Please restate, word for word, the lines below that begin at the one with "To Workspace5 : ToWorkspace" and end at the one with "observer tc/1(x_hat) -> Gain1/1, Selector3/1, Selector4/1". Leave out all other lines.

=======

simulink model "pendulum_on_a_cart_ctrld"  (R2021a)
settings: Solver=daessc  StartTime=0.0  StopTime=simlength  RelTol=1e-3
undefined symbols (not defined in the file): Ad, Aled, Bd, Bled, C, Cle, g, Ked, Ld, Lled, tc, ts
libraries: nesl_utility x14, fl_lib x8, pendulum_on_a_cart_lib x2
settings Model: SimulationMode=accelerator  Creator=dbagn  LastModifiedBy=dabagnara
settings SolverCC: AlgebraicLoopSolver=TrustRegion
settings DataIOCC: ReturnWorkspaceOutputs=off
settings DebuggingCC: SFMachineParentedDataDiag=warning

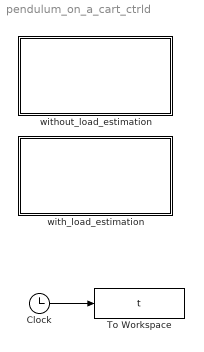
== system pendulum_on_a_cart_ctrld ==
  Clock : Clock
  To Workspace : ToWorkspace  VariableName=t  SampleTime=tc
      settings: MaxDataPoints=Nc
  with_load_estimation : Subsystem
  without_load_estimation : Subsystem
  wires:
  Clock/1 -> To Workspace/1

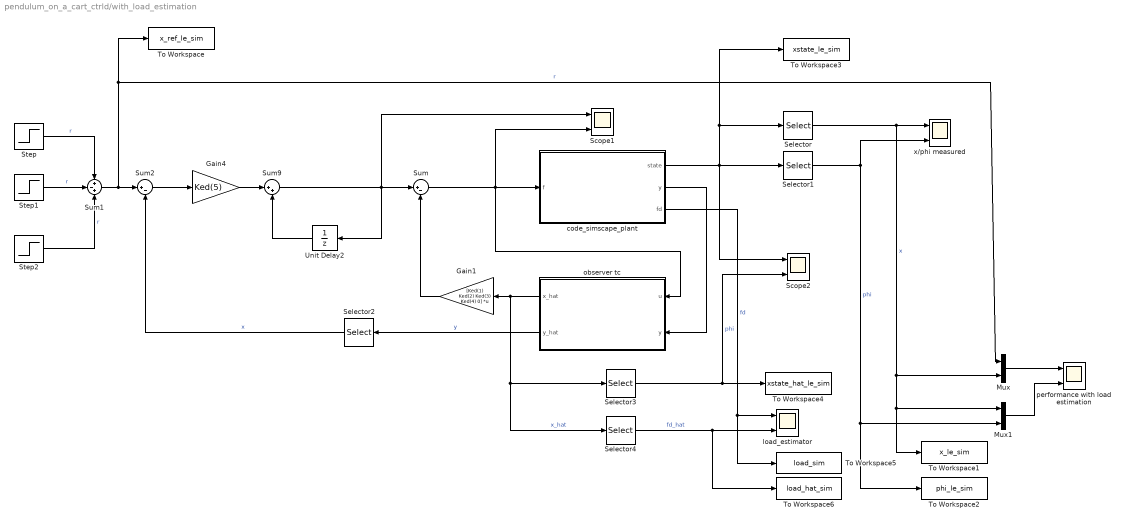
== system pendulum_on_a_cart_ctrld/with_load_estimation ==
  Gain1 : Gain  Gain=[Ked(1) Ked(2) Ked(3) Ked(4) 0]  Multiplication=Matrix(K*u)
  Gain4 : Gain  Gain=Ked(5)
  Mux : Mux  Inputs=2
  Mux1 : Mux  Inputs=2
  Scope1 : Scope  NumInputPorts=2
  Scope2 : Scope  NumInputPorts=2
  Selector : Selector  InputPortWidth=4  IndexOptions=Index vector (dialog)  Indices=1  OutputSizes=1
  Selector1 : Selector  InputPortWidth=4  IndexOptions=Index vector (dialog)  Indices=3  OutputSizes=1
  Selector2 : Selector  InputPortWidth=2  IndexOptions=Index vector (dialog)  Indices=1  OutputSizes=1
  Selector3 : Selector  InputPortWidth=5  IndexOptions=Index vector (dialog)  Indices=[1 2 3 4]  OutputSizes=1
  Selector4 : Selector  InputPortWidth=5  IndexOptions=Index vector (dialog)  Indices=5  OutputSizes=1
  Step : Step  SampleTime=0
  Step1 : Step  Time=8  After=2  SampleTime=0
  Step2 : Step  Time=25  SampleTime=0
  Sum : Sum  Inputs=|+-
  Sum1 : Sum  Inputs=+-+
  Sum2 : Sum  Inputs=|+-
  Sum9 : Sum  Inputs=|++
  To Workspace : ToWorkspace  VariableName=x_ref_le_sim  SampleTime=tc
      settings: MaxDataPoints=Nc
  To Workspace1 : ToWorkspace  VariableName=x_le_sim  SampleTime=tc
      settings: MaxDataPoints=Nc
  To Workspace2 : ToWorkspace  VariableName=phi_le_sim  SampleTime=tc
      settings: MaxDataPoints=Nc
  To Workspace3 : ToWorkspace  VariableName=xstate_le_sim  SampleTime=tc
      settings: MaxDataPoints=Nc
  To Workspace4 : ToWorkspace  VariableName=xstate_hat_le_sim  SampleTime=tc
      settings: MaxDataPoints=Nc
  To Workspace5 : ToWorkspace  VariableName=load_sim  SampleTime=tc
      settings: MaxDataPoints=Nc
  To Workspace6 : ToWorkspace  VariableName=load_hat_sim  SampleTime=tc
      settings: MaxDataPoints=Nc
  Unit Delay2 : UnitDelay  SampleTime=ts  HasFrameUpgradeWarning=on
  "code_simscape_plant " : Subsystem
  load_estimator : Scope  NumInputPorts=2
  observer tc : Subsystem
  performance with load estimation : Scope  NumInputPorts=2
  x/phi measured : Scope  NumInputPorts=2
  wires:
  Sum1/1 -> To Workspace/1, Mux/1, Sum2/1  "r"
  Sum2/1 -> Gain4/1
  Step1/1 -> Sum1/2  "r"
  Step/1 -> Sum1/1  "r"
  Gain4/1 -> Sum9/1
  observer tc/2(y_hat) -> Selector2/1  "y"
  Selector1/1 -> To Workspace2/1, Mux1/2, x/phi measured/2  "phi"
  "code_simscape_plant "/1(state) -> Scope2/1, Selector1/1, To Workspace3/1, Selector/1
  observer tc/1(x_hat) -> Gain1/1, Selector3/1, Selector4/1  "x_hat"
  Sum9/1 -> Scope1/1, Sum/1, Unit Delay2/1
  "code_simscape_plant "/2(y) -> observer tc/2(y)
  Selector2/1 -> Sum2/2  "x"
  Gain1/1 -> Sum/2
  Unit Delay2/1 -> Sum9/2
  Selector3/1 -> To Workspace4/1, Scope2/2  "phi"
  "code_simscape_plant "/3(fd) -> To Workspace5/1, load_estimator/1  "fd"
  Selector4/1 -> To Workspace6/1, load_estimator/2  "fd_hat"
  Step2/1 -> Sum1/3  "r"
  Mux1/1 -> performance with load estimation/2
  Mux/1 -> performance with load estimation/1
  Selector/1 -> To Workspace1/1, Mux1/1, Mux/2, x/phi measured/1  "x"
  Sum/1 -> observer tc/1(u), Scope1/2, "code_simscape_plant "/1(f)

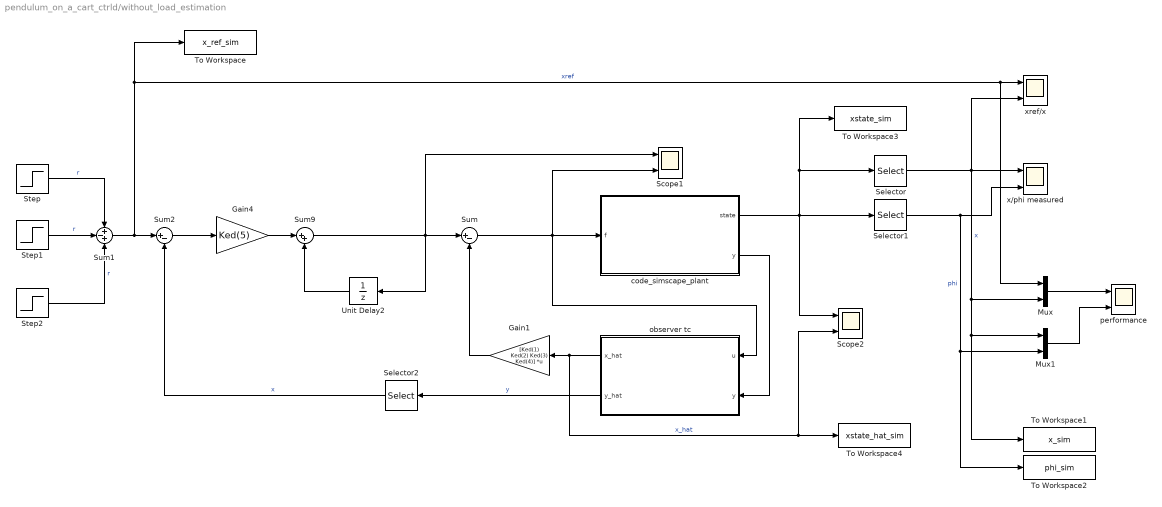
== system pendulum_on_a_cart_ctrld/without_load_estimation ==
  Gain1 : Gain  Gain=[Ked(1) Ked(2) Ked(3) Ked(4)]  Multiplication=Matrix(K*u)
  Gain4 : Gain  Gain=Ked(5)
  Mux : Mux  Inputs=2
  Mux1 : Mux  Inputs=2
  Scope1 : Scope  NumInputPorts=2
  Scope2 : Scope  NumInputPorts=2
  Selector : Selector  InputPortWidth=4  IndexOptions=Index vector (dialog)  Indices=1  OutputSizes=1
  Selector1 : Selector  InputPortWidth=4  IndexOptions=Index vector (dialog)  Indices=3  OutputSizes=1
  Selector2 : Selector  InputPortWidth=2  IndexOptions=Index vector (dialog)  Indices=1  OutputSizes=1
  Step : Step  SampleTime=0
  Step1 : Step  Time=8  After=2  SampleTime=0
  Step2 : Step  Time=25  SampleTime=0
  Sum : Sum  Inputs=|+-
  Sum1 : Sum  Inputs=+-+
  Sum2 : Sum  Inputs=|+-
  Sum9 : Sum  Inputs=|++
  To Workspace : ToWorkspace  VariableName=x_ref_sim  SampleTime=tc
      settings: MaxDataPoints=Nc
  To Workspace1 : ToWorkspace  VariableName=x_sim  SampleTime=tc
      settings: MaxDataPoints=Nc
  To Workspace2 : ToWorkspace  VariableName=phi_sim  SampleTime=tc
      settings: MaxDataPoints=Nc
  To Workspace3 : ToWorkspace  VariableName=xstate_sim  SampleTime=tc
      settings: MaxDataPoints=Nc
  To Workspace4 : ToWorkspace  VariableName=xstate_hat_sim  SampleTime=tc
      settings: MaxDataPoints=Nc
  Unit Delay2 : UnitDelay  SampleTime=ts  HasFrameUpgradeWarning=on
  "code_simscape_plant " : Subsystem
  observer tc : Subsystem
  performance : Scope  NumInputPorts=2
  x/phi measured : Scope  NumInputPorts=2
  xref/x : Scope  NumInputPorts=2
  wires:
  Unit Delay2/1 -> Sum9/2
  Gain1/1 -> Sum/2
  Selector2/1 -> Sum2/2  "x"
  Sum/1 -> "code_simscape_plant "/1(f), Scope1/2, observer tc/1(u)
  Selector/1 -> To Workspace1/1, Mux1/1, Mux/2, x/phi measured/1, xref/x/2  "x"
  "code_simscape_plant "/2(y) -> observer tc/2(y)
  Sum9/1 -> Unit Delay2/1, Sum/1, Scope1/1
  observer tc/1(x_hat) -> Scope2/2, To Workspace4/1, Gain1/1  "x_hat"
  "code_simscape_plant "/1(state) -> To Workspace3/1, Selector/1, Scope2/1, Selector1/1
  Selector1/1 -> To Workspace2/1, Mux1/2, x/phi measured/2  "phi"
  observer tc/2(y_hat) -> Selector2/1  "y"
  Gain4/1 -> Sum9/1
  Sum2/1 -> Gain4/1
  Sum1/1 -> To Workspace/1, Mux/1, xref/x/1, Sum2/1  "xref"
  Step/1 -> Sum1/1  "r"
  Step2/1 -> Sum1/3  "r"
  Step1/1 -> Sum1/2  "r"
  Mux/1 -> performance/1
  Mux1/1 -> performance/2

=======

**EXPECTED ANSWER**
  To Workspace5 : ToWorkspace  VariableName=load_sim  SampleTime=tc
      settings: MaxDataPoints=Nc
  To Workspace6 : ToWorkspace  VariableName=load_hat_sim  SampleTime=tc
      settings: MaxDataPoints=Nc
  Unit Delay2 : UnitDelay  SampleTime=ts  HasFrameUpgradeWarning=on
  "code_simscape_plant " : Subsystem
  load_estimator : Scope  NumInputPorts=2
  observer tc : Subsystem
  performance with load estimation : Scope  NumInputPorts=2
  x/phi measured : Scope  NumInputPorts=2
  wires:
  Sum1/1 -> To Workspace/1, Mux/1, Sum2/1  "r"
  Sum2/1 -> Gain4/1
  Step1/1 -> Sum1/2  "r"
  Step/1 -> Sum1/1  "r"
  Gain4/1 -> Sum9/1
  observer tc/2(y_hat) -> Selector2/1  "y"
  Selector1/1 -> To Workspace2/1, Mux1/2, x/phi measured/2  "phi"
  "code_simscape_plant "/1(state) -> Scope2/1, Selector1/1, To Workspace3/1, Selector/1
  observer tc/1(x_hat) -> Gain1/1, Selector3/1, Selector4/1  "x_hat"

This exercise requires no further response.